Anecdata, I have also successfully used it to unearth complicated bugs that I already knew must exist, but didn’t have a good way to find.
Think of a query like: Find all calls to function A that have an output pointer-pointer of type B in the last argument position and also have a boolean return type, verify the input dereferenced B is NULL, then verify that iff A assigns output to B that the return type is false and that the calling frame also includes a later call to function C to clean up B. This type of thing run on millions of lines of code.
This can get as crazy as you want it to be and did work, but there is a “but.” The query language is so verbose and powerful, there were many, many ways to represent the same query that all had drastically different performance profiles. The docs were woefully underwhelming in that regard — they simply stated what a member did, but not anything at all related to memory or performance implications. That, coupled with the fact that nearly every complex query during dev hit the wall of the JVM killing it for taking too much time/mem, it became apparent that they must have tooling for the tooling to analyze performance and memory profiles of queries (not unlike all the effort put into SQL over the years). Also, no debugger; resorted to “datalog printf debugging” (ie, including internal clauses as outputs and chopping off later parts of the query...)
I spent a few weeks only writing queries and in every non-trivial one I needed a senior person there to review/rearrange a few clauses to go from e.g. 30 minute runtime to 15 seconds. That left me with a feeling that I was constantly fighting the docs and lack of tooling and would constantly need their help to tune things. Nothing was fundamentally wrong with the queries — it was just not documented anywhere that some filtering should be done caller->down vs. other kinds of checks in the same query should be callee->up.
I had questions regarding scaling up to 1B+ LoC like others in the thread but didn’t really get that far.
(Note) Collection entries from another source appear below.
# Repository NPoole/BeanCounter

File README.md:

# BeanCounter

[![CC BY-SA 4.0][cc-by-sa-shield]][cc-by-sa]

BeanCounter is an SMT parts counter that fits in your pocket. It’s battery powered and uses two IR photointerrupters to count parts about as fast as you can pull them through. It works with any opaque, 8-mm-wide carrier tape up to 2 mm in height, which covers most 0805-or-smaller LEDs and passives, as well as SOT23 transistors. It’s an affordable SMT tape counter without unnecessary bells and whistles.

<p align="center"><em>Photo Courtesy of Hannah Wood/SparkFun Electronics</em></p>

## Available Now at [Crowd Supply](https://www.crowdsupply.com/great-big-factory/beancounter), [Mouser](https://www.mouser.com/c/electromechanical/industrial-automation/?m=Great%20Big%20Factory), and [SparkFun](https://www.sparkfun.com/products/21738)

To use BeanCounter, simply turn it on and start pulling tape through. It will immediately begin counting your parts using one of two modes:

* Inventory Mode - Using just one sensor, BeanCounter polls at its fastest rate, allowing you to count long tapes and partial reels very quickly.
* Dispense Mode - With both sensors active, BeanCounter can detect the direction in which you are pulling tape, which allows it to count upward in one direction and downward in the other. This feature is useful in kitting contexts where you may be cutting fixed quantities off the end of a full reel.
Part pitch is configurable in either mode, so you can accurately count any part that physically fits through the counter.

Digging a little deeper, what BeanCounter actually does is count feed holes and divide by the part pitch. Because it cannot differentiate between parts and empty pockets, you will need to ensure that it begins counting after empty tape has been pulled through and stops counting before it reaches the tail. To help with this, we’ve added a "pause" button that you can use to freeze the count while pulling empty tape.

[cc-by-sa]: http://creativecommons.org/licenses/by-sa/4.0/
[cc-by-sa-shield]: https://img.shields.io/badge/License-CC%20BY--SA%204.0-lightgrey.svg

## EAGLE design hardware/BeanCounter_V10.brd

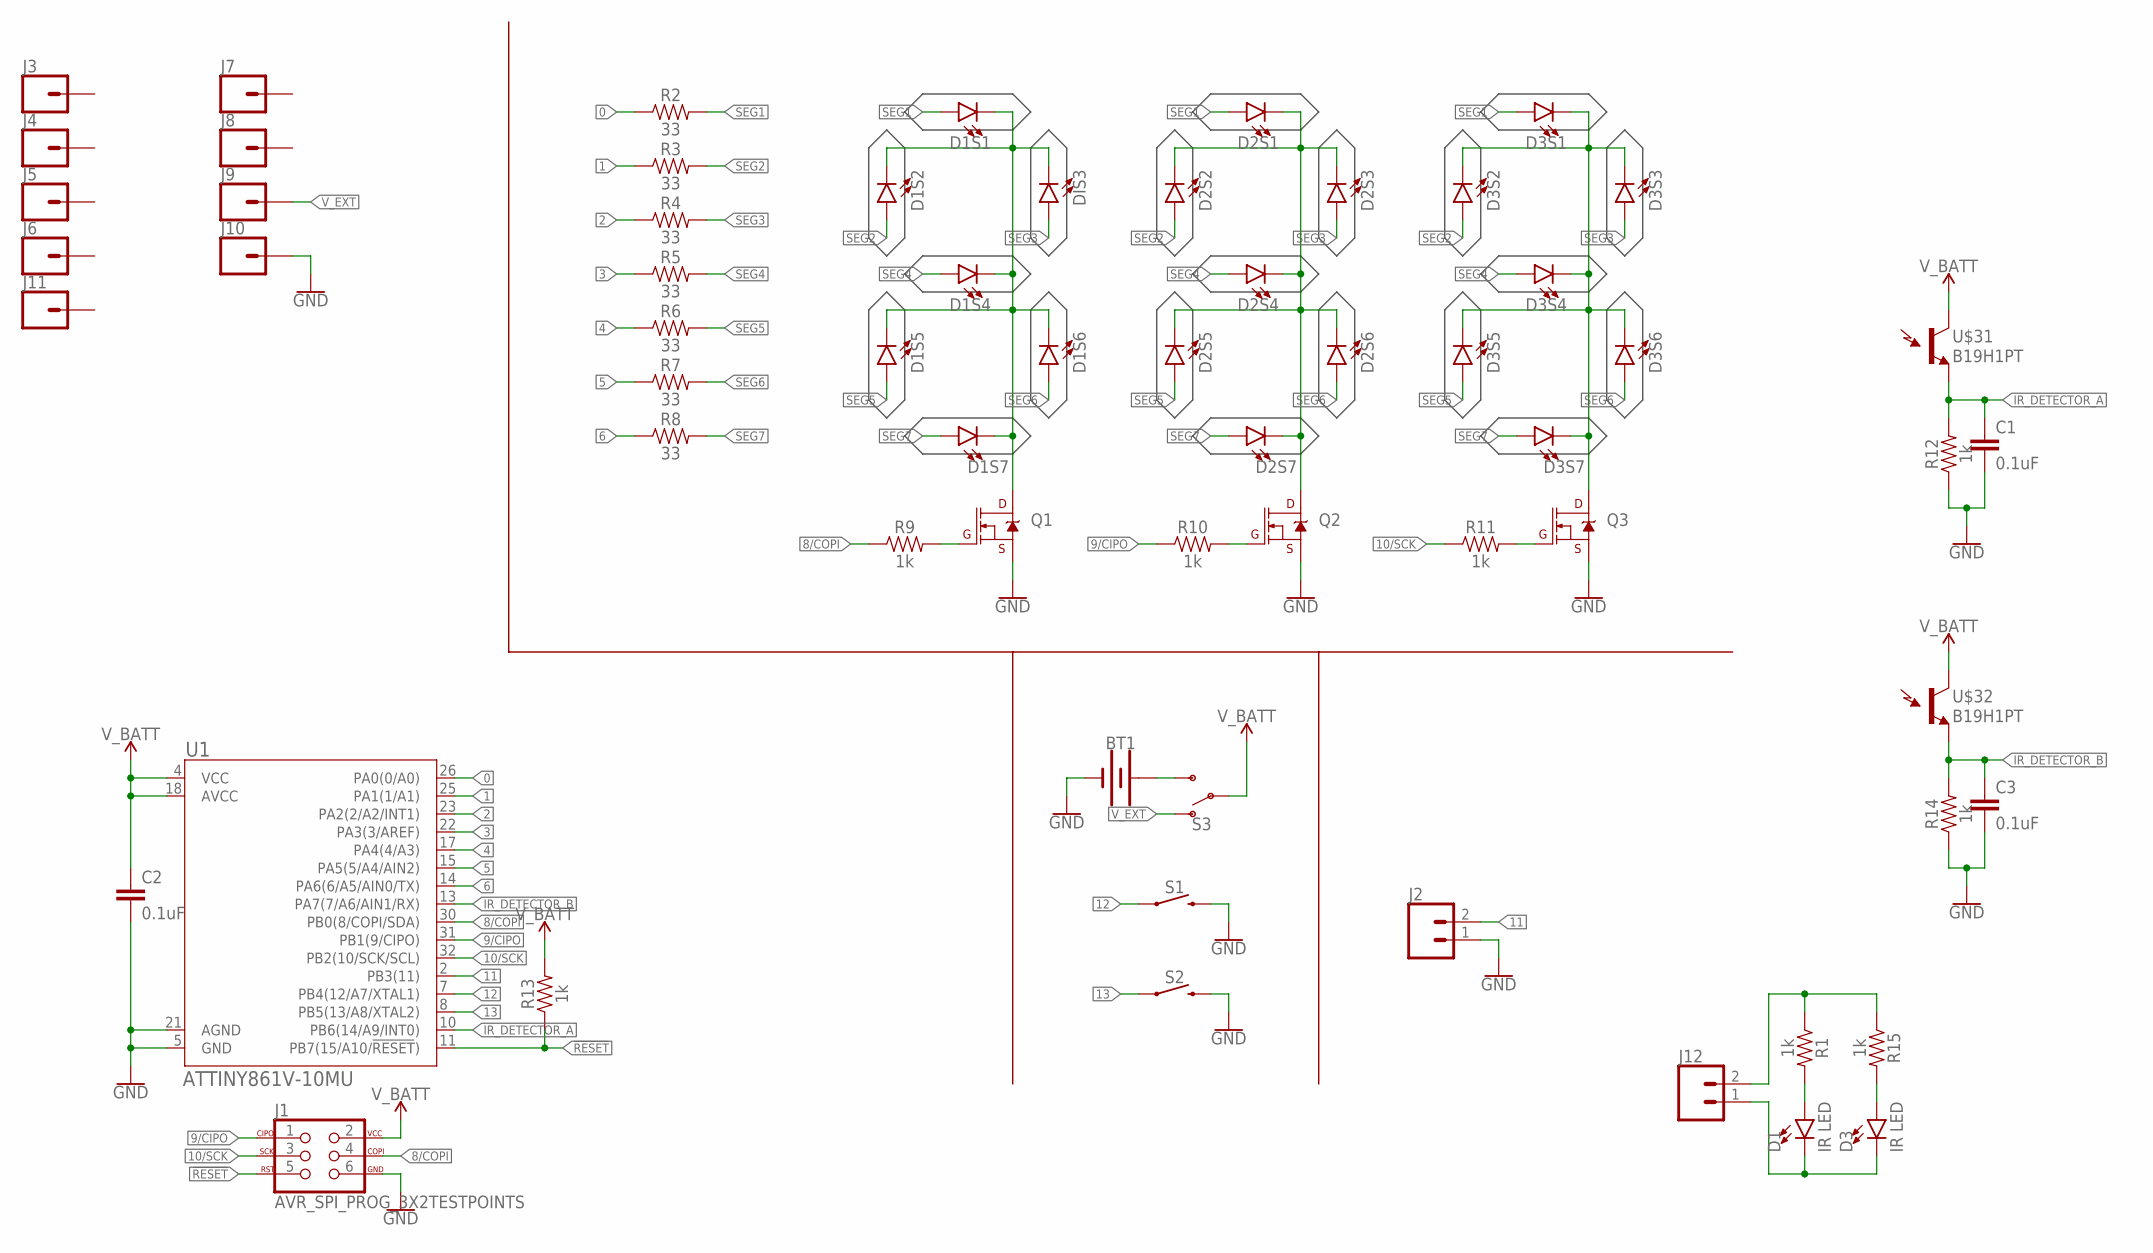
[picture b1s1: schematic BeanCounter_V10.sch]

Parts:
BT1: BATTERY-20MM_SMD_4LEGS_OVERPASTE_INNER; BATTCON_20MM_4LEGS_OVERPASTE_INNER
C1, C2, C3: 0.1uF; 0603
D1, D3: IR LED; LED-0603
D1S1, D1S2, D1S4, D1S5, D1S6, D1S7, D2S1, D2S2, D2S3, D2S4, D2S5, D2S6, D2S7, D3S1, D3S2, D3S3, D3S4, D3S5, D3S6, D3S7: LED0603; LED-0603
DIS3: LED0603; LED-0603
J1: AVR_SPI_PROG_3X2TESTPOINTS; 2X3_TEST_POINTS
J2, J12: CONN_02; 1X02
J3, J4, J5, J6, J7, J8, J9, J10, J11: CONN_01; 1X01
Q1, Q2, Q3: 220mA/50V/3.5Ω; SOT23-3
R1, R9, R10, R11, R12, R13, R14, R15: 1k; 0603
R2, R3, R4, R5, R6, R7, R8: 33; 0603
S1, S2: MOMENTARY-SWITCH-SPST-SMD-5.2MM-TALL; TACTILE_SWITCH_SMD_5.2MM
S3: SWITCH-SPDT-SMD-RIGHT-ANGLE; SWITCH_SPST_SMD_A
U1: ATTINY861V-10MU; 32M1-A_ATM
U$31, U$32: B19H1PT; HARVATEK_DETECTOR

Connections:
0: R2.1, U1.26 (PA0(0/A0))
1: R3.1, U1.25 (PA1(1/A1))
2: R4.1, U1.23 (PA2(2/A2/INT1))
3: R5.1, U1.22 (PA3(3/AREF))
4: R6.1, U1.17 (PA4(4/A3))
5: R7.1, U1.15 (PA5(5/A4/AIN2))
6: R8.1, U1.14 (PA6(6/A5/AIN0/TX))
8/COPI: J1.4, R9.1, U1.30 (PB0(8/COPI/SDA))
9/CIPO: J1.1, R10.1, U1.31 (PB1(9/CIPO))
10/SCK: J1.3, R11.1, U1.32 (PB2(10/SCK/SCL))
11: J2.2, U1.2 (PB3(11))
12: S1.1, U1.7 (PB4(12/A7/XTAL1))
13: S2.1, U1.8 (PB5(13/A8/XTAL2))
!RESET: J1.5, R13.1, U1.11 (PB7(15/A10/!RESET!))
GND: BT1.2 (-), C1.2, C2.2, C3.2, J1.6, J2.1, J10.1, Q1.2 (S), Q2.2 (S), Q3.2 (S), R12.1, R14.1, S1.3 (2), S2.3 (2), U1.5 (GND), U1.21 (AGND)
IR_DETECTOR_A: C1.1, R12.2, U1.10 (PB6(14/A9/INT0)), U$31.P$2 (E1)
IR_DETECTOR_B: C3.1, R14.2, U1.13 (PA7(7/A6/AIN1/RX)), U$32.P$2 (E1)
unnamed: BT1.1 (+), S3.3 (S)
unnamed: D1S1.C, D1S2.C, D1S4.C, D1S5.C, D1S6.C, D1S7.C, DIS3.C, Q1.3 (D)
unnamed: Q2.1 (G), R10.2
unnamed: Q1.1 (G), R9.2
unnamed: D2S1.C, D2S2.C, D2S3.C, D2S4.C, D2S5.C, D2S6.C, D2S7.C, Q2.3 (D)
unnamed: Q3.1 (G), R11.2
unnamed: D3S1.C, D3S2.C, D3S3.C, D3S4.C, D3S5.C, D3S6.C, D3S7.C, Q3.3 (D)
unnamed: D3.A, R15.2
unnamed: D1.A, R1.2
unnamed: J12.2, R1.1, R15.1
unnamed: D1.C, D3.C, J12.1
SEG1: D1S1.A, D2S1.A, D3S1.A, R2.2
SEG2: D1S2.A, D2S2.A, D3S2.A, R3.2
SEG3: D2S3.A, D3S3.A, DIS3.A, R4.2
SEG4: D1S4.A, D2S4.A, D3S4.A, R5.2
SEG5: D1S5.A, D2S5.A, D3S5.A, R6.2
SEG6: D1S6.A, D2S6.A, D3S6.A, R7.2
SEG7: D1S7.A, D2S7.A, D3S7.A, R8.2
V_BATT: C2.1, J1.2, R13.2, S3.2, U1.4 (VCC), U1.18 (AVCC), U$31.P$1 (C1), U$32.P$1 (C1)
V_EXT: J9.1, S3.1 (O)

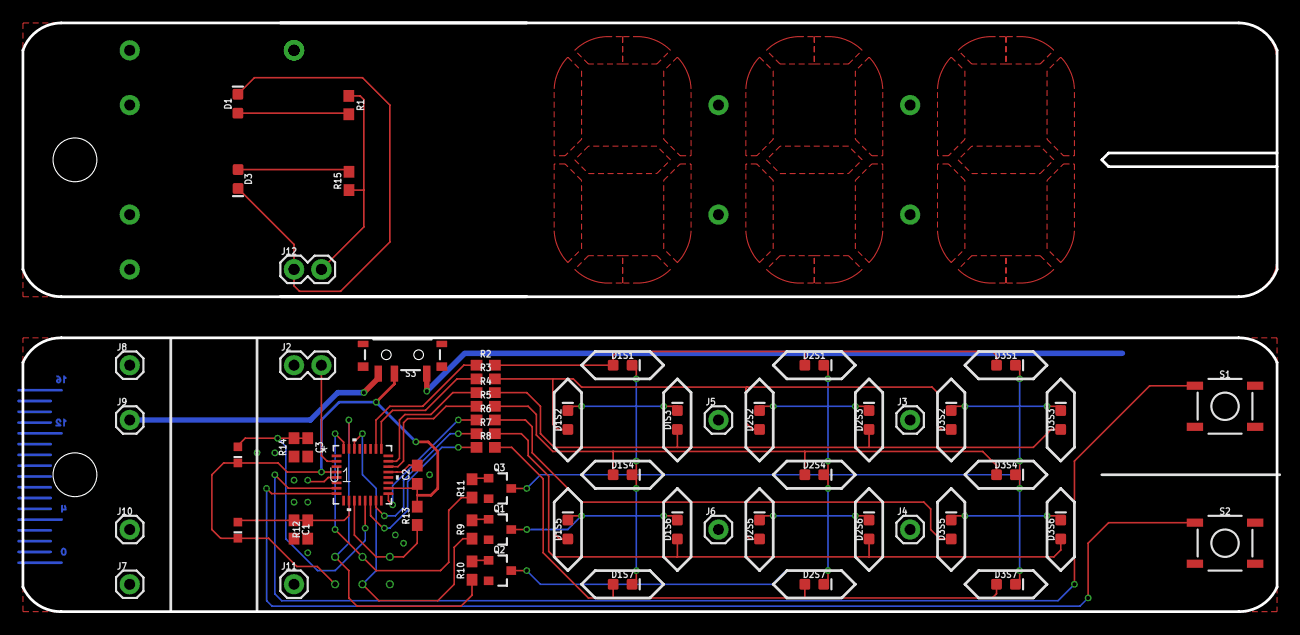
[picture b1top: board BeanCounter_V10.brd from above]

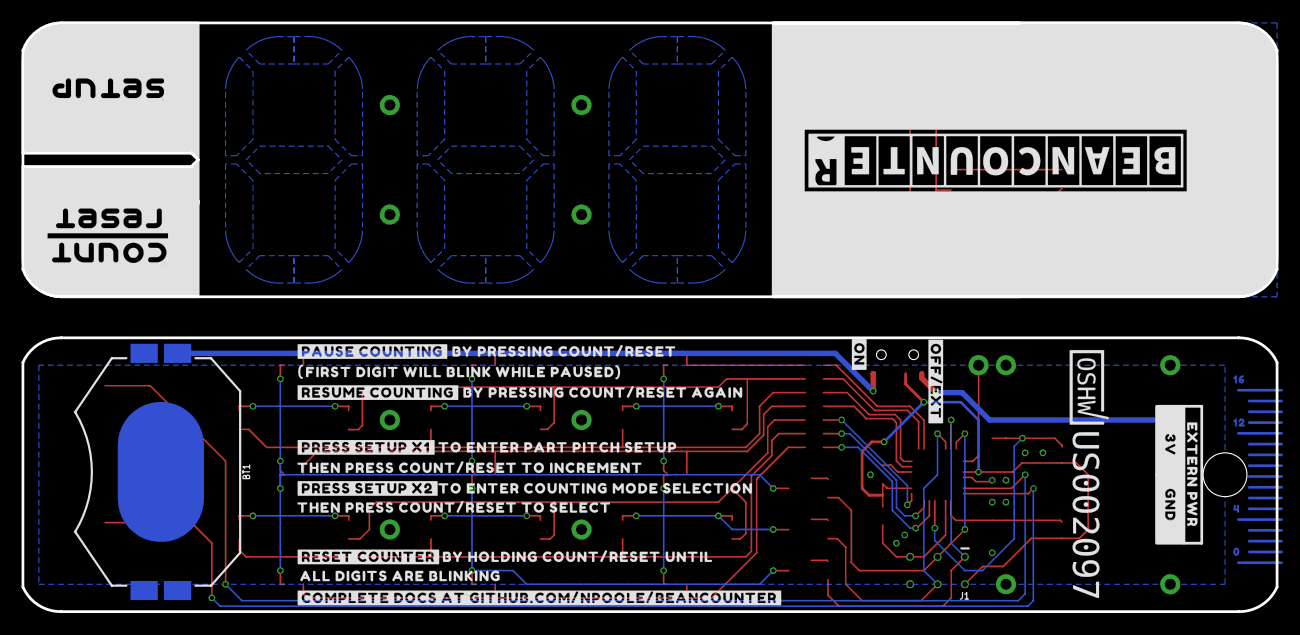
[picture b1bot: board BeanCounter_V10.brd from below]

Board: 2 copper layers, 116.3 x 54.6 mm, 93 parts (32 on the bottom side), 37 nets.

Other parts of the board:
U$1: OSHWBC#SVG0
U$2: EXTERN_PWR0
U$3: #PAUSE_COUNTING#0
U$4: #PRESS_SETUP_X1#0
U$5: 00
U$6: #_3V#0
U$7: #_GND#0
U$8: THEN_PRESS_COUNT#RESET_TO_INCREMENT0
U$9: BY_PRESSING_COUNT#RESET0
U$10: FIRST_DIGIT_WILL_BLINK_WHILE_PAUSED#_0
U$11: #_0
U$12: #RESUME_COUNTING#0
U$13: BY_PRESSING_COUNT#RESET_AGAIN0
U$14: TO_ENTER_PART_PITCH_SETUP0
U$15: #PRESS_SETUP_X2#0
U$16: TO_ENTER_COUNTING_MODE_SELECTION0
U$17: THEN_PRESS_COUNT#RESET_TO_SELECT0
U$18: #RESET_COUNTER#0
U$19: BY_HOLDING_COUNT#RESET_UNTIL0
U$20: 40
U$21: 120
U$22: 160
U$23: #ON#0
U$24: #OFF#EXT#0
U$25: ALL_DIGITS_ARE_BLINKING0
U$26: #COMPLETE_DOCS_AT_GITHUB#COM#NPOOLE#BEANCOUNTER#0
U$27: #COUNT#0
U$28: #RESET#0
U$29: #SETUP#0
U$30: LOGO#SVG0

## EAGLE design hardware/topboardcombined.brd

It did successfully find the C/C++ bugs I was looking for once the queries had hours of investment from both sides, and we were also able to find bugs in a large custom JS codebase by mocking all the things it would need to understand to eval the code. Whether or not that investment makes sense is an individual/team/org question, but if they ever seriously invest in a query debugger and profiling, they’ll be pretty hard to beat.